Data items
........
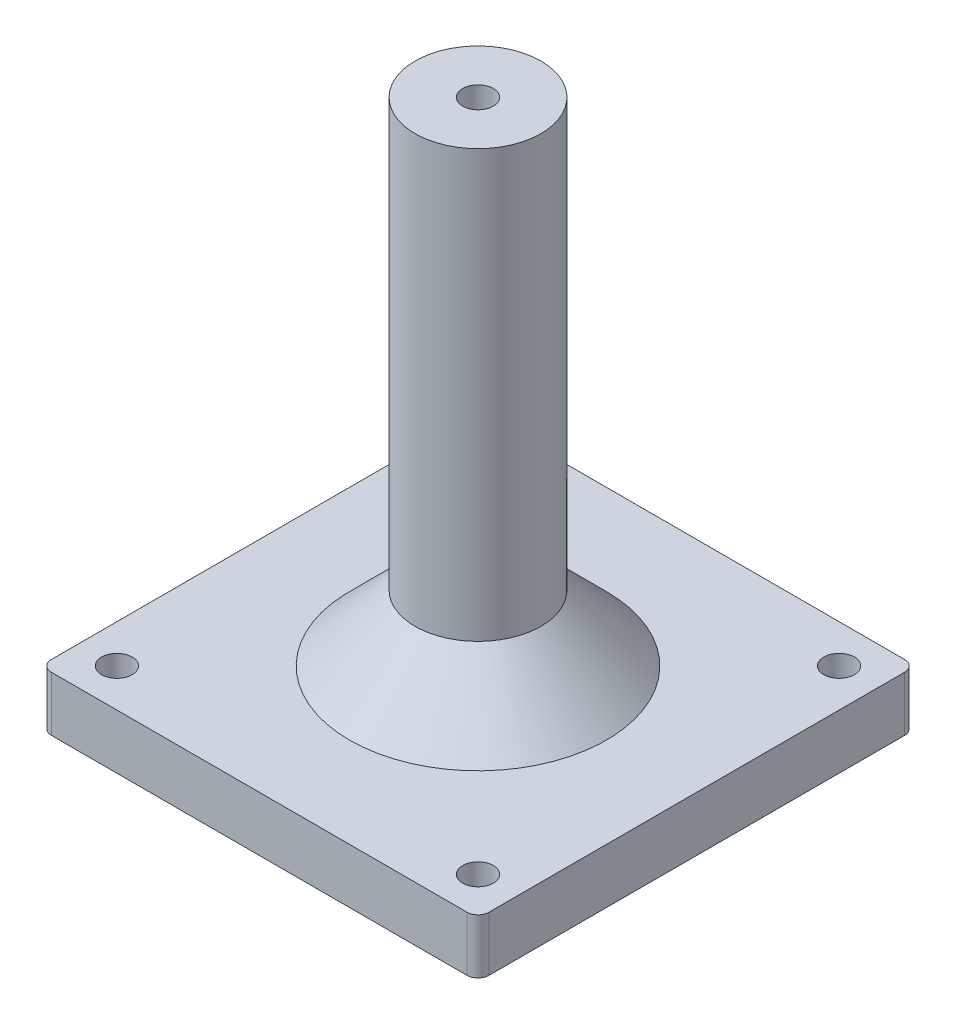
ISO-10303-21;
HEADER;
FILE_DESCRIPTION(('STEP AP214'),'2;1');
FILE_NAME('part.step','',(''),(''),'','','');
FILE_SCHEMA(('AUTOMOTIVE_DESIGN { 1 0 10303 214 1 1 1 1 }'));
ENDSEC;
DATA;
#1=APPLICATION_CONTEXT('core data for automotive mechanical design processes');
#2=APPLICATION_PROTOCOL_DEFINITION('international standard','automotive_design',2000,#1);
#3=PRODUCT_CONTEXT('',#1,'mechanical');
#4=PRODUCT('Part','Part','',(#3));
#5=PRODUCT_RELATED_PRODUCT_CATEGORY('part','',(#4));
#6=PRODUCT_DEFINITION_FORMATION('','',#4);
#7=PRODUCT_DEFINITION_CONTEXT('part definition',#1,'design');
#8=PRODUCT_DEFINITION('design','',#6,#7);
#9=PRODUCT_DEFINITION_SHAPE('','',#8);
#10=(LENGTH_UNIT() NAMED_UNIT(*) SI_UNIT(.MILLI.,.METRE.));
#11=(NAMED_UNIT(*) PLANE_ANGLE_UNIT() SI_UNIT($,.RADIAN.));
#12=(NAMED_UNIT(*) SI_UNIT($,.STERADIAN.) SOLID_ANGLE_UNIT());
#13=UNCERTAINTY_MEASURE_WITH_UNIT(LENGTH_MEASURE(1.E-05),#10,'distance_accuracy_value','');
#14=(GEOMETRIC_REPRESENTATION_CONTEXT(3) GLOBAL_UNCERTAINTY_ASSIGNED_CONTEXT((#13)) GLOBAL_UNIT_ASSIGNED_CONTEXT((#10,
#11,#12)) REPRESENTATION_CONTEXT('',''));
#15=CARTESIAN_POINT('',(0.,0.,0.));
#16=DIRECTION('',(0.,0.,1.));
#17=DIRECTION('',(1.,0.,0.));
#18=AXIS2_PLACEMENT_3D('',#15,#16,#17);
#19=CARTESIAN_POINT('',(20.,5.,-20.));
#20=DIRECTION('',(-1.,0.,0.));
#21=DIRECTION('',(0.,0.,1.));
#22=AXIS2_PLACEMENT_3D('',#19,#20,#21);
#23=PLANE('',#22);
#24=DIRECTION('',(0.,0.,-1.));
#25=VECTOR('',#24,1.);
#26=CARTESIAN_POINT('',(20.,0.,-20.));
#27=LINE('',#26,#25);
#28=CARTESIAN_POINT('',(20.,0.,19.));
#29=VERTEX_POINT('',#28);
#30=CARTESIAN_POINT('',(20.,0.,-19.));
#31=VERTEX_POINT('',#30);
#32=EDGE_CURVE('E149',#29,#31,#27,.T.);
#33=ORIENTED_EDGE('',*,*,#32,.T.);
#34=DIRECTION('',(0.,-1.,0.));
#35=VECTOR('',#34,1.);
#36=CARTESIAN_POINT('',(20.,5.,-19.));
#37=LINE('',#36,#35);
#38=CARTESIAN_POINT('',(20.,5.,-19.));
#39=VERTEX_POINT('',#38);
#40=EDGE_CURVE('E191',#31,#39,#37,.F.);
#41=ORIENTED_EDGE('',*,*,#40,.T.);
#42=DIRECTION('',(0.,0.,-1.));
#43=VECTOR('',#42,1.);
#44=CARTESIAN_POINT('',(20.,5.,-20.));
#45=LINE('',#44,#43);
#46=CARTESIAN_POINT('',(20.,5.,19.));
#47=VERTEX_POINT('',#46);
#48=EDGE_CURVE('E146',#47,#39,#45,.T.);
#49=ORIENTED_EDGE('',*,*,#48,.F.);
#50=DIRECTION('',(0.,-1.,0.));
#51=VECTOR('',#50,1.);
#52=CARTESIAN_POINT('',(20.,5.,19.));
#53=LINE('',#52,#51);
#54=EDGE_CURVE('E187',#47,#29,#53,.T.);
#55=ORIENTED_EDGE('',*,*,#54,.T.);
#56=EDGE_LOOP('',(#33,#41,#49,#55));
#57=FACE_BOUND('',#56,.T.);
#58=ADVANCED_FACE('F46',(#57),#23,.F.);
#59=CARTESIAN_POINT('',(-20.,5.,-20.));
#60=DIRECTION('',(0.,0.,1.));
#61=DIRECTION('',(1.,0.,0.));
#62=AXIS2_PLACEMENT_3D('',#59,#60,#61);
#63=PLANE('',#62);
#64=DIRECTION('',(-1.,0.,0.));
#65=VECTOR('',#64,1.);
#66=CARTESIAN_POINT('',(-20.,0.,-20.));
#67=LINE('',#66,#65);
#68=CARTESIAN_POINT('',(19.,0.,-20.));
#69=VERTEX_POINT('',#68);
#70=CARTESIAN_POINT('',(-19.,0.,-20.));
#71=VERTEX_POINT('',#70);
#72=EDGE_CURVE('E141',#69,#71,#67,.T.);
#73=ORIENTED_EDGE('',*,*,#72,.T.);
#74=DIRECTION('',(0.,-1.,0.));
#75=VECTOR('',#74,1.);
#76=CARTESIAN_POINT('',(-19.,5.,-20.));
#77=LINE('',#76,#75);
#78=CARTESIAN_POINT('',(-19.,5.,-20.));
#79=VERTEX_POINT('',#78);
#80=EDGE_CURVE('E117',#71,#79,#77,.F.);
#81=ORIENTED_EDGE('',*,*,#80,.T.);
#82=DIRECTION('',(-1.,0.,0.));
#83=VECTOR('',#82,1.);
#84=CARTESIAN_POINT('',(-20.,5.,-20.));
#85=LINE('',#84,#83);
#86=CARTESIAN_POINT('',(19.,5.,-20.));
#87=VERTEX_POINT('',#86);
#88=EDGE_CURVE('E208',#87,#79,#85,.T.);
#89=ORIENTED_EDGE('',*,*,#88,.F.);
#90=DIRECTION('',(0.,-1.,0.));
#91=VECTOR('',#90,1.);
#92=CARTESIAN_POINT('',(19.,5.,-20.));
#93=LINE('',#92,#91);
#94=EDGE_CURVE('E123',#87,#69,#93,.T.);
#95=ORIENTED_EDGE('',*,*,#94,.T.);
#96=EDGE_LOOP('',(#73,#81,#89,#95));
#97=FACE_BOUND('',#96,.T.);
#98=ADVANCED_FACE('F295',(#97),#63,.F.);
#99=CARTESIAN_POINT('',(-20.,5.,-20.));
#100=DIRECTION('',(1.,0.,0.));
#101=DIRECTION('',(0.,0.,-1.));
#102=AXIS2_PLACEMENT_3D('',#99,#100,#101);
#103=PLANE('',#102);
#104=DIRECTION('',(0.,0.,1.));
#105=VECTOR('',#104,1.);
#106=CARTESIAN_POINT('',(-20.,5.,-20.));
#107=LINE('',#106,#105);
#108=CARTESIAN_POINT('',(-20.,5.,-19.));
#109=VERTEX_POINT('',#108);
#110=CARTESIAN_POINT('',(-20.,5.,19.));
#111=VERTEX_POINT('',#110);
#112=EDGE_CURVE('E132',#109,#111,#107,.T.);
#113=ORIENTED_EDGE('',*,*,#112,.F.);
#114=DIRECTION('',(0.,-1.,0.));
#115=VECTOR('',#114,1.);
#116=CARTESIAN_POINT('',(-20.,5.,-19.));
#117=LINE('',#116,#115);
#118=CARTESIAN_POINT('',(-20.,0.,-19.));
#119=VERTEX_POINT('',#118);
#120=EDGE_CURVE('E116',#109,#119,#117,.T.);
#121=ORIENTED_EDGE('',*,*,#120,.T.);
#122=DIRECTION('',(0.,0.,1.));
#123=VECTOR('',#122,1.);
#124=CARTESIAN_POINT('',(-20.,0.,-20.));
#125=LINE('',#124,#123);
#126=CARTESIAN_POINT('',(-20.,0.,19.));
#127=VERTEX_POINT('',#126);
#128=EDGE_CURVE('E130',#119,#127,#125,.T.);
#129=ORIENTED_EDGE('',*,*,#128,.T.);
#130=DIRECTION('',(0.,-1.,0.));
#131=VECTOR('',#130,1.);
#132=CARTESIAN_POINT('',(-20.,5.,19.));
#133=LINE('',#132,#131);
#134=EDGE_CURVE('E135',#127,#111,#133,.F.);
#135=ORIENTED_EDGE('',*,*,#134,.T.);
#136=EDGE_LOOP('',(#113,#121,#129,#135));
#137=FACE_BOUND('',#136,.T.);
#138=ADVANCED_FACE('F129',(#137),#103,.F.);
#139=CARTESIAN_POINT('',(-20.,5.,20.));
#140=DIRECTION('',(0.,0.,-1.));
#141=DIRECTION('',(-1.,0.,0.));
#142=AXIS2_PLACEMENT_3D('',#139,#140,#141);
#143=PLANE('',#142);
#144=DIRECTION('',(1.,0.,0.));
#145=VECTOR('',#144,1.);
#146=CARTESIAN_POINT('',(-20.,0.,20.));
#147=LINE('',#146,#145);
#148=CARTESIAN_POINT('',(-19.,0.,20.));
#149=VERTEX_POINT('',#148);
#150=CARTESIAN_POINT('',(19.,0.,20.));
#151=VERTEX_POINT('',#150);
#152=EDGE_CURVE('E140',#149,#151,#147,.T.);
#153=ORIENTED_EDGE('',*,*,#152,.T.);
#154=DIRECTION('',(0.,-1.,0.));
#155=VECTOR('',#154,1.);
#156=CARTESIAN_POINT('',(19.,5.,20.));
#157=LINE('',#156,#155);
#158=CARTESIAN_POINT('',(19.,5.,20.));
#159=VERTEX_POINT('',#158);
#160=EDGE_CURVE('E11',#151,#159,#157,.F.);
#161=ORIENTED_EDGE('',*,*,#160,.T.);
#162=DIRECTION('',(1.,0.,0.));
#163=VECTOR('',#162,1.);
#164=CARTESIAN_POINT('',(-20.,5.,20.));
#165=LINE('',#164,#163);
#166=CARTESIAN_POINT('',(-19.,5.,20.));
#167=VERTEX_POINT('',#166);
#168=EDGE_CURVE('E158',#167,#159,#165,.T.);
#169=ORIENTED_EDGE('',*,*,#168,.F.);
#170=DIRECTION('',(0.,-1.,0.));
#171=VECTOR('',#170,1.);
#172=CARTESIAN_POINT('',(-19.,5.,20.));
#173=LINE('',#172,#171);
#174=EDGE_CURVE('E55',#167,#149,#173,.T.);
#175=ORIENTED_EDGE('',*,*,#174,.T.);
#176=EDGE_LOOP('',(#153,#161,#169,#175));
#177=FACE_BOUND('',#176,.T.);
#178=ADVANCED_FACE('F195',(#177),#143,.F.);
#179=CARTESIAN_POINT('',(0.,5.,0.));
#180=DIRECTION('',(0.,1.,0.));
#181=DIRECTION('',(0.,0.,1.));
#182=AXIS2_PLACEMENT_3D('',#179,#180,#181);
#183=PLANE('',#182);
#184=CARTESIAN_POINT('',(0.,5.,0.));
#185=DIRECTION('',(0.,1.,0.));
#186=DIRECTION('',(0.,0.,1.));
#187=AXIS2_PLACEMENT_3D('',#184,#185,#186);
#188=CIRCLE('',#187,11.75);
#189=CARTESIAN_POINT('',(0.,5.,11.75));
#190=VERTEX_POINT('',#189);
#191=EDGE_CURVE('E157',#190,#190,#188,.F.);
#192=ORIENTED_EDGE('',*,*,#191,.T.);
#193=EDGE_LOOP('',(#192));
#194=FACE_BOUND('',#193,.T.);
#195=CARTESIAN_POINT('',(16.5,5.,-16.5));
#196=DIRECTION('',(0.,1.,0.));
#197=DIRECTION('',(0.,0.,1.));
#198=AXIS2_PLACEMENT_3D('',#195,#196,#197);
#199=CIRCLE('',#198,1.4);
#200=CARTESIAN_POINT('',(16.5,5.,-15.1));
#201=VERTEX_POINT('',#200);
#202=EDGE_CURVE('E215',#201,#201,#199,.T.);
#203=ORIENTED_EDGE('',*,*,#202,.F.);
#204=EDGE_LOOP('',(#203));
#205=FACE_BOUND('',#204,.T.);
#206=CARTESIAN_POINT('',(16.5,5.,16.5));
#207=DIRECTION('',(0.,1.,0.));
#208=DIRECTION('',(0.,0.,1.));
#209=AXIS2_PLACEMENT_3D('',#206,#207,#208);
#210=CIRCLE('',#209,1.4);
#211=CARTESIAN_POINT('',(16.5,5.,17.9));
#212=VERTEX_POINT('',#211);
#213=EDGE_CURVE('E224',#212,#212,#210,.T.);
#214=ORIENTED_EDGE('',*,*,#213,.F.);
#215=EDGE_LOOP('',(#214));
#216=FACE_BOUND('',#215,.T.);
#217=CARTESIAN_POINT('',(-16.5,5.,16.5));
#218=DIRECTION('',(0.,1.,0.));
#219=DIRECTION('',(0.,0.,1.));
#220=AXIS2_PLACEMENT_3D('',#217,#218,#219);
#221=CIRCLE('',#220,1.4);
#222=CARTESIAN_POINT('',(-16.5,5.,17.9));
#223=VERTEX_POINT('',#222);
#224=EDGE_CURVE('E230',#223,#223,#221,.T.);
#225=ORIENTED_EDGE('',*,*,#224,.F.);
#226=EDGE_LOOP('',(#225));
#227=FACE_BOUND('',#226,.T.);
#228=CARTESIAN_POINT('',(-16.5,5.,-16.5));
#229=DIRECTION('',(0.,1.,0.));
#230=DIRECTION('',(0.,0.,1.));
#231=AXIS2_PLACEMENT_3D('',#228,#229,#230);
#232=CIRCLE('',#231,1.4);
#233=CARTESIAN_POINT('',(-16.5,5.,-15.1));
#234=VERTEX_POINT('',#233);
#235=EDGE_CURVE('E236',#234,#234,#232,.T.);
#236=ORIENTED_EDGE('',*,*,#235,.F.);
#237=EDGE_LOOP('',(#236));
#238=FACE_BOUND('',#237,.T.);
#239=ORIENTED_EDGE('',*,*,#88,.T.);
#240=CARTESIAN_POINT('',(-19.,5.,-19.));
#241=DIRECTION('',(0.,1.,0.));
#242=DIRECTION('',(0.,0.,1.));
#243=AXIS2_PLACEMENT_3D('',#240,#241,#242);
#244=CIRCLE('',#243,1.);
#245=EDGE_CURVE('E184',#79,#109,#244,.T.);
#246=ORIENTED_EDGE('',*,*,#245,.T.);
#247=ORIENTED_EDGE('',*,*,#112,.T.);
#248=CARTESIAN_POINT('',(-19.,5.,19.));
#249=DIRECTION('',(0.,1.,0.));
#250=DIRECTION('',(0.,0.,1.));
#251=AXIS2_PLACEMENT_3D('',#248,#249,#250);
#252=CIRCLE('',#251,1.);
#253=EDGE_CURVE('E67',#111,#167,#252,.T.);
#254=ORIENTED_EDGE('',*,*,#253,.T.);
#255=ORIENTED_EDGE('',*,*,#168,.T.);
#256=CARTESIAN_POINT('',(19.,5.,19.));
#257=DIRECTION('',(0.,1.,0.));
#258=DIRECTION('',(0.,0.,1.));
#259=AXIS2_PLACEMENT_3D('',#256,#257,#258);
#260=CIRCLE('',#259,1.);
#261=EDGE_CURVE('E178',#159,#47,#260,.T.);
#262=ORIENTED_EDGE('',*,*,#261,.T.);
#263=ORIENTED_EDGE('',*,*,#48,.T.);
#264=CARTESIAN_POINT('',(19.,5.,-19.));
#265=DIRECTION('',(0.,1.,0.));
#266=DIRECTION('',(0.,0.,1.));
#267=AXIS2_PLACEMENT_3D('',#264,#265,#266);
#268=CIRCLE('',#267,1.);
#269=EDGE_CURVE('E181',#39,#87,#268,.T.);
#270=ORIENTED_EDGE('',*,*,#269,.T.);
#271=EDGE_LOOP('',(#239,#246,#247,#254,#255,#262,#263,#270));
#272=FACE_BOUND('',#271,.T.);
#273=ADVANCED_FACE('F321',(#194,#205,#216,#227,#238,#272),#183,.T.);
#274=CARTESIAN_POINT('',(0.,0.,0.));
#275=DIRECTION('',(0.,1.,0.));
#276=DIRECTION('',(0.,0.,1.));
#277=AXIS2_PLACEMENT_3D('',#274,#275,#276);
#278=PLANE('',#277);
#279=CARTESIAN_POINT('',(16.5,0.,-16.5));
#280=DIRECTION('',(0.,-1.,0.));
#281=DIRECTION('',(0.,0.,-1.));
#282=AXIS2_PLACEMENT_3D('',#279,#280,#281);
#283=CIRCLE('',#282,1.4);
#284=CARTESIAN_POINT('',(16.5,0.,-17.9));
#285=VERTEX_POINT('',#284);
#286=EDGE_CURVE('E247',#285,#285,#283,.T.);
#287=ORIENTED_EDGE('',*,*,#286,.F.);
#288=EDGE_LOOP('',(#287));
#289=FACE_BOUND('',#288,.T.);
#290=CARTESIAN_POINT('',(16.5,0.,16.5));
#291=DIRECTION('',(0.,-1.,0.));
#292=DIRECTION('',(0.,0.,-1.));
#293=AXIS2_PLACEMENT_3D('',#290,#291,#292);
#294=CIRCLE('',#293,1.4);
#295=CARTESIAN_POINT('',(16.5,0.,15.1));
#296=VERTEX_POINT('',#295);
#297=EDGE_CURVE('E251',#296,#296,#294,.T.);
#298=ORIENTED_EDGE('',*,*,#297,.F.);
#299=EDGE_LOOP('',(#298));
#300=FACE_BOUND('',#299,.T.);
#301=CARTESIAN_POINT('',(-16.5,0.,16.5));
#302=DIRECTION('',(0.,-1.,0.));
#303=DIRECTION('',(0.,0.,-1.));
#304=AXIS2_PLACEMENT_3D('',#301,#302,#303);
#305=CIRCLE('',#304,1.4);
#306=CARTESIAN_POINT('',(-16.5,0.,15.1));
#307=VERTEX_POINT('',#306);
#308=EDGE_CURVE('E246',#307,#307,#305,.T.);
#309=ORIENTED_EDGE('',*,*,#308,.F.);
#310=EDGE_LOOP('',(#309));
#311=FACE_BOUND('',#310,.T.);
#312=CARTESIAN_POINT('',(-16.5,0.,-16.5));
#313=DIRECTION('',(0.,-1.,0.));
#314=DIRECTION('',(0.,0.,-1.));
#315=AXIS2_PLACEMENT_3D('',#312,#313,#314);
#316=CIRCLE('',#315,1.4);
#317=CARTESIAN_POINT('',(-16.5,0.,-17.9));
#318=VERTEX_POINT('',#317);
#319=EDGE_CURVE('E242',#318,#318,#316,.T.);
#320=ORIENTED_EDGE('',*,*,#319,.F.);
#321=EDGE_LOOP('',(#320));
#322=FACE_BOUND('',#321,.T.);
#323=ORIENTED_EDGE('',*,*,#128,.F.);
#324=CARTESIAN_POINT('',(-19.,0.,-19.));
#325=DIRECTION('',(0.,1.,0.));
#326=DIRECTION('',(0.,0.,1.));
#327=AXIS2_PLACEMENT_3D('',#324,#325,#326);
#328=CIRCLE('',#327,1.);
#329=EDGE_CURVE('E112',#119,#71,#328,.F.);
#330=ORIENTED_EDGE('',*,*,#329,.T.);
#331=ORIENTED_EDGE('',*,*,#72,.F.);
#332=CARTESIAN_POINT('',(19.,0.,-19.));
#333=DIRECTION('',(0.,1.,0.));
#334=DIRECTION('',(0.,0.,1.));
#335=AXIS2_PLACEMENT_3D('',#332,#333,#334);
#336=CIRCLE('',#335,1.);
#337=EDGE_CURVE('E124',#69,#31,#336,.F.);
#338=ORIENTED_EDGE('',*,*,#337,.T.);
#339=ORIENTED_EDGE('',*,*,#32,.F.);
#340=CARTESIAN_POINT('',(19.,0.,19.));
#341=DIRECTION('',(0.,1.,0.));
#342=DIRECTION('',(0.,0.,1.));
#343=AXIS2_PLACEMENT_3D('',#340,#341,#342);
#344=CIRCLE('',#343,1.);
#345=EDGE_CURVE('E166',#29,#151,#344,.F.);
#346=ORIENTED_EDGE('',*,*,#345,.T.);
#347=ORIENTED_EDGE('',*,*,#152,.F.);
#348=CARTESIAN_POINT('',(-19.,0.,19.));
#349=DIRECTION('',(0.,1.,0.));
#350=DIRECTION('',(0.,0.,1.));
#351=AXIS2_PLACEMENT_3D('',#348,#349,#350);
#352=CIRCLE('',#351,1.);
#353=EDGE_CURVE('E134',#149,#127,#352,.F.);
#354=ORIENTED_EDGE('',*,*,#353,.T.);
#355=EDGE_LOOP('',(#323,#330,#331,#338,#339,#346,#347,#354));
#356=FACE_BOUND('',#355,.T.);
#357=ADVANCED_FACE('F137',(#289,#300,#311,#322,#356),#278,.F.);
#358=CARTESIAN_POINT('',(-16.5,10.,-16.5));
#359=DIRECTION('',(0.,-1.,0.));
#360=DIRECTION('',(0.,0.,-1.));
#361=AXIS2_PLACEMENT_3D('',#358,#359,#360);
#362=CYLINDRICAL_SURFACE('',#361,1.4);
#363=ORIENTED_EDGE('',*,*,#235,.T.);
#364=EDGE_LOOP('',(#363));
#365=FACE_BOUND('',#364,.T.);
#366=ORIENTED_EDGE('',*,*,#319,.T.);
#367=EDGE_LOOP('',(#366));
#368=FACE_BOUND('',#367,.T.);
#369=ADVANCED_FACE('F331',(#365,#368),#362,.F.);
#370=CARTESIAN_POINT('',(-16.5,10.,16.5));
#371=DIRECTION('',(0.,-1.,0.));
#372=DIRECTION('',(0.,0.,-1.));
#373=AXIS2_PLACEMENT_3D('',#370,#371,#372);
#374=CYLINDRICAL_SURFACE('',#373,1.4);
#375=ORIENTED_EDGE('',*,*,#224,.T.);
#376=EDGE_LOOP('',(#375));
#377=FACE_BOUND('',#376,.T.);
#378=ORIENTED_EDGE('',*,*,#308,.T.);
#379=EDGE_LOOP('',(#378));
#380=FACE_BOUND('',#379,.T.);
#381=ADVANCED_FACE('F361',(#377,#380),#374,.F.);
#382=CARTESIAN_POINT('',(16.5,10.,16.5));
#383=DIRECTION('',(0.,-1.,0.));
#384=DIRECTION('',(0.,0.,-1.));
#385=AXIS2_PLACEMENT_3D('',#382,#383,#384);
#386=CYLINDRICAL_SURFACE('',#385,1.4);
#387=ORIENTED_EDGE('',*,*,#213,.T.);
#388=EDGE_LOOP('',(#387));
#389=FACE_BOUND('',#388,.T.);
........
▶ **Exercise objective**
Wherever the word "mechanical" turns up in a line of the entries above, copy that line.

▶ **Answer space**
#1=APPLICATION_CONTEXT('core data for automotive mechanical design processes');
#3=PRODUCT_CONTEXT('',#1,'mechanical');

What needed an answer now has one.